• **EXCERPTED RECORDS**:

==*==

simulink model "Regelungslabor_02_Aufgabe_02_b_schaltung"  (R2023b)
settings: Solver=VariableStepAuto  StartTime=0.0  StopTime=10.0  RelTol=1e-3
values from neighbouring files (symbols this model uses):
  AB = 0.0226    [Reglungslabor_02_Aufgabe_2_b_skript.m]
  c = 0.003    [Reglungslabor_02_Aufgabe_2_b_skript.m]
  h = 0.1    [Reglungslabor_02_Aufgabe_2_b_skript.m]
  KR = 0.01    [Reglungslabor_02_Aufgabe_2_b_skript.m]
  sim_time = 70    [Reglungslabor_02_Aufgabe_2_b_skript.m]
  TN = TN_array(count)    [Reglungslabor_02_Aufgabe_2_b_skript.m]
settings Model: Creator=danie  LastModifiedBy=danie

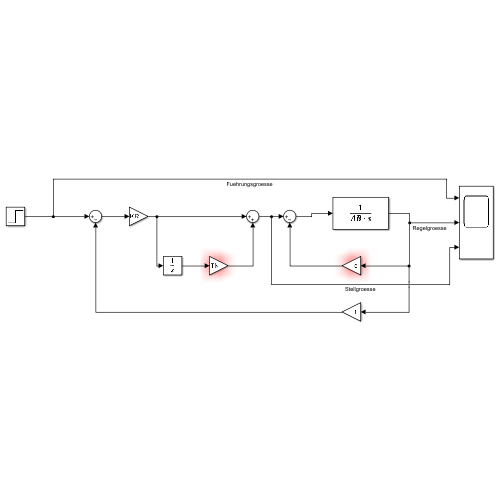
[thumbnail: Simulink's stored preview of the top-level diagram]
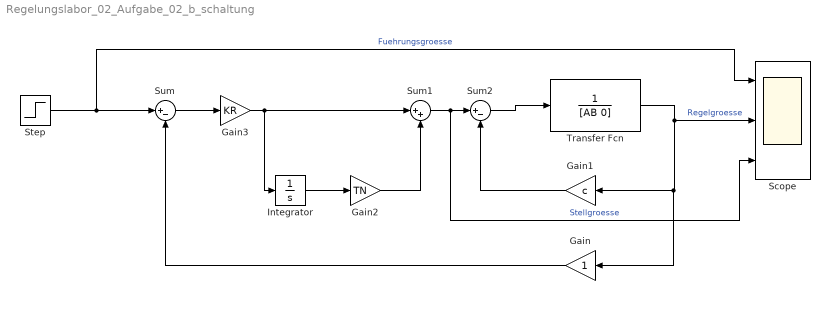
== system Regelungslabor_02_Aufgabe_02_b_schaltung ==
  Gain : Gain
  Gain1 : Gain  Gain=c
  Gain2 : Gain  Gain=TN
  Gain3 : Gain  Gain=KR
  Integrator : Integrator
  Scope : Scope  NumInputPorts=3
  Step : Step  Time=sim_time  Before=h  SampleTime=0
  Sum : Sum  Inputs=|+-
  Sum1 : Sum  Inputs=|++
  Sum2 : Sum  Inputs=|+-
  Transfer Fcn : TransferFcn  Denominator=[AB 0]
  wires:
  Sum/1 -> Gain3/1
  Gain3/1 -> Integrator/1, Sum1/1
  Sum2/1 -> Transfer Fcn/1
  Transfer Fcn/1 -> Scope/2, Gain/1, Gain1/1  "Regelgroesse"
  Gain1/1 -> Sum2/2
  Integrator/1 -> Gain2/1
  Gain2/1 -> Sum1/2
  Gain/1 -> Sum/2
  Step/1 -> Scope/1, Sum/1  "Fuehrungsgroesse"
  Sum1/1 -> Scope/3, Sum2/1  "Stellgroesse"
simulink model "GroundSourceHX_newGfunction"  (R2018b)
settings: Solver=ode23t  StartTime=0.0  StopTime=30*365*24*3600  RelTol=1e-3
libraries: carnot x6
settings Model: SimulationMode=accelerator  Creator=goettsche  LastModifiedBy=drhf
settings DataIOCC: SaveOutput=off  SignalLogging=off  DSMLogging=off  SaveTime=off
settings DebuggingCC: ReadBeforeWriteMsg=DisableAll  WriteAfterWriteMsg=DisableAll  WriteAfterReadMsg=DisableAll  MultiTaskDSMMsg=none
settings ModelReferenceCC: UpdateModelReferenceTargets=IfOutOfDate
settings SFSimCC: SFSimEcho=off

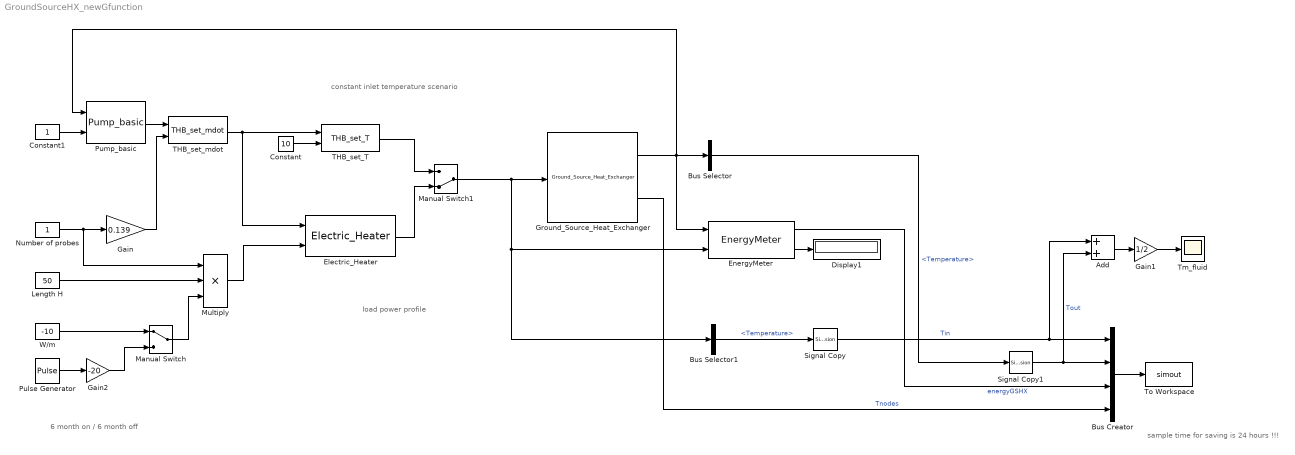
== system GroundSourceHX_newGfunction ==
  note: constant inlet temperature scenario
  note: sample time for saving is 24 hours !!!
  note: load power profile
  note: 6 month on / 6 month off
  Add : Sum
  Bus Creator : BusCreator  Inputs=4
  Bus Selector : BusSelector  OutputSignals=Temperature
  Bus Selector1 : BusSelector  OutputSignals=Temperature
  Constant : Constant  Value=10
  Constant1 : Constant
  Display1 : Display
  Electric_Heater : carnot/Source/Boiler/Electric_Heater
      settings: SourceProductName=Carnot
  EnergyMeter : carnot/Control/EnergyMeter
      settings: SourceProductName=Carnot
  Gain : Gain  Gain=0.139
  Gain1 : Gain  Gain=1/2
  Gain2 : Gain  Gain=-20
  Ground_Source_Heat_Exchanger : carnot/Source/Heat_Pump/Ground_Source_Heat_Exchanger  Jahresmitteltemp_C=0  TGrad=0  lambdaErde=2.5  cpErde=1000  rhoErde=2200  lambdaFill=0.81  cpFill=3040  rhoFill=1180  lambda_Sondenrohr=0.48  dTdesign=5  Sondenlaenge=100  B_sondenabstand=10  Sondendurchmesser=0.026+2*0.003  Bohrdurchmesser=0.12  Bu_param=0.06  Wanddicke_Sondenrohr=0.003  SondenFall=1 probe  DimVert=5  DimRad=10  Gitterfaktor=1.5  LastYear=1  show=on
      settings: SourceProductName=Carnot
  Length H : Constant  Value=50
  Manual Switch : ManualSwitch
  Manual Switch1 : ManualSwitch  CurrentSetting=0
  Multiply : Product  Inputs=3
  Number of probes : Constant
  Pulse Generator : DiscretePulseGenerator  PulseType=Time based  Period=3600*8760  PulseWidth=50
  Pump_basic : carnot/Hydraulics/Pump_basic  mdotmax=0.1  fluid_id=Water-Glycol Mix  mix=0.25  mix2=0  mix3=0  p0=1e5  dia=0.02  ID=No Pressure Drop  hgt=0
      settings: SourceProductName=Carnot
  Signal Copy : SignalConversion  OverrideOpt=off
  Signal Copy1 : SignalConversion  OverrideOpt=off
  THB_set_T : carnot/Source/Simple/THB_set_T
      settings: SourceProductName=Carnot
  THB_set_mdot : carnot/Source/Simple/THB_set_mdot
      settings: SourceProductName=Carnot
  Tm_fluid : Scope
  To Workspace : ToWorkspace  VariableName=simout  SaveFormat=Timeseries  SampleTime=24*3600
  W/m : Constant  Value=-10
  wires:
  Ground_Source_Heat_Exchanger/1 -> Pump_basic/1, Bus Selector/1, EnergyMeter/1
  Bus Selector/1 -> Signal Copy1/1  "<Temperature>"
  Manual Switch1/1 -> Ground_Source_Heat_Exchanger/1, EnergyMeter/2, Bus Selector1/1
  THB_set_mdot/1 -> THB_set_T/1, Electric_Heater/1
  Bus Selector1/1 -> Signal Copy/1  "<Temperature>"
  Ground_Source_Heat_Exchanger/2 -> Bus Creator/4  "Tnodes"
  Signal Copy/1 -> Add/1, Bus Creator/1  "Tin"
  Signal Copy1/1 -> Add/2, Bus Creator/2  "Tout"
  Bus Creator/1 -> To Workspace/1
  EnergyMeter/1 -> Bus Creator/3  "energyGSHX"
  EnergyMeter/2 -> Display1/1
  Gain/1 -> THB_set_mdot/2
  Number of probes/1 -> Multiply/1, Gain/1
  Multiply/1 -> Electric_Heater/2
  Pump_basic/1 -> THB_set_mdot/1
  Constant1/1 -> Pump_basic/2
  Length H/1 -> Multiply/2
  Add/1 -> Gain1/1
  Gain1/1 -> Tm_fluid/1
  Pulse Generator/1 -> Gain2/1
  W/m/1 -> Manual Switch/1
  Gain2/1 -> Manual Switch/2
  Electric_Heater/1 -> Manual Switch1/2
  THB_set_T/1 -> Manual Switch1/1
  Manual Switch/1 -> Multiply/3
  Constant/1 -> THB_set_T/2
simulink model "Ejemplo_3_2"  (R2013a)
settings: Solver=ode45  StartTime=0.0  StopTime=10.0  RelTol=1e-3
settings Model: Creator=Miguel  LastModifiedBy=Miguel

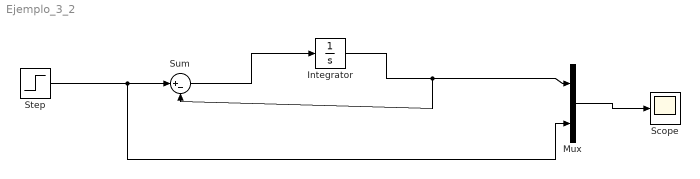
== system Ejemplo_3_2 ==
  Integrator : Integrator
  Mux : Mux  Inputs=2
  Scope : Scope
      settings: ShowLegends=on
  Step : Step  SampleTime=0
  Sum : Sum  Inputs=|+-
  wires:
  Integrator/1 -> Sum/2, Mux/1
  Mux/1 -> Scope/1
  Step/1 -> Mux/2, Sum/1
  Sum/1 -> Integrator/1

==*==

Check each line of the listing above. Copy the ones with the word "Simple".

• **SOLUTION TO THIS TASK**:
  THB_set_T : carnot/Source/Simple/THB_set_T
  THB_set_mdot : carnot/Source/Simple/THB_set_mdot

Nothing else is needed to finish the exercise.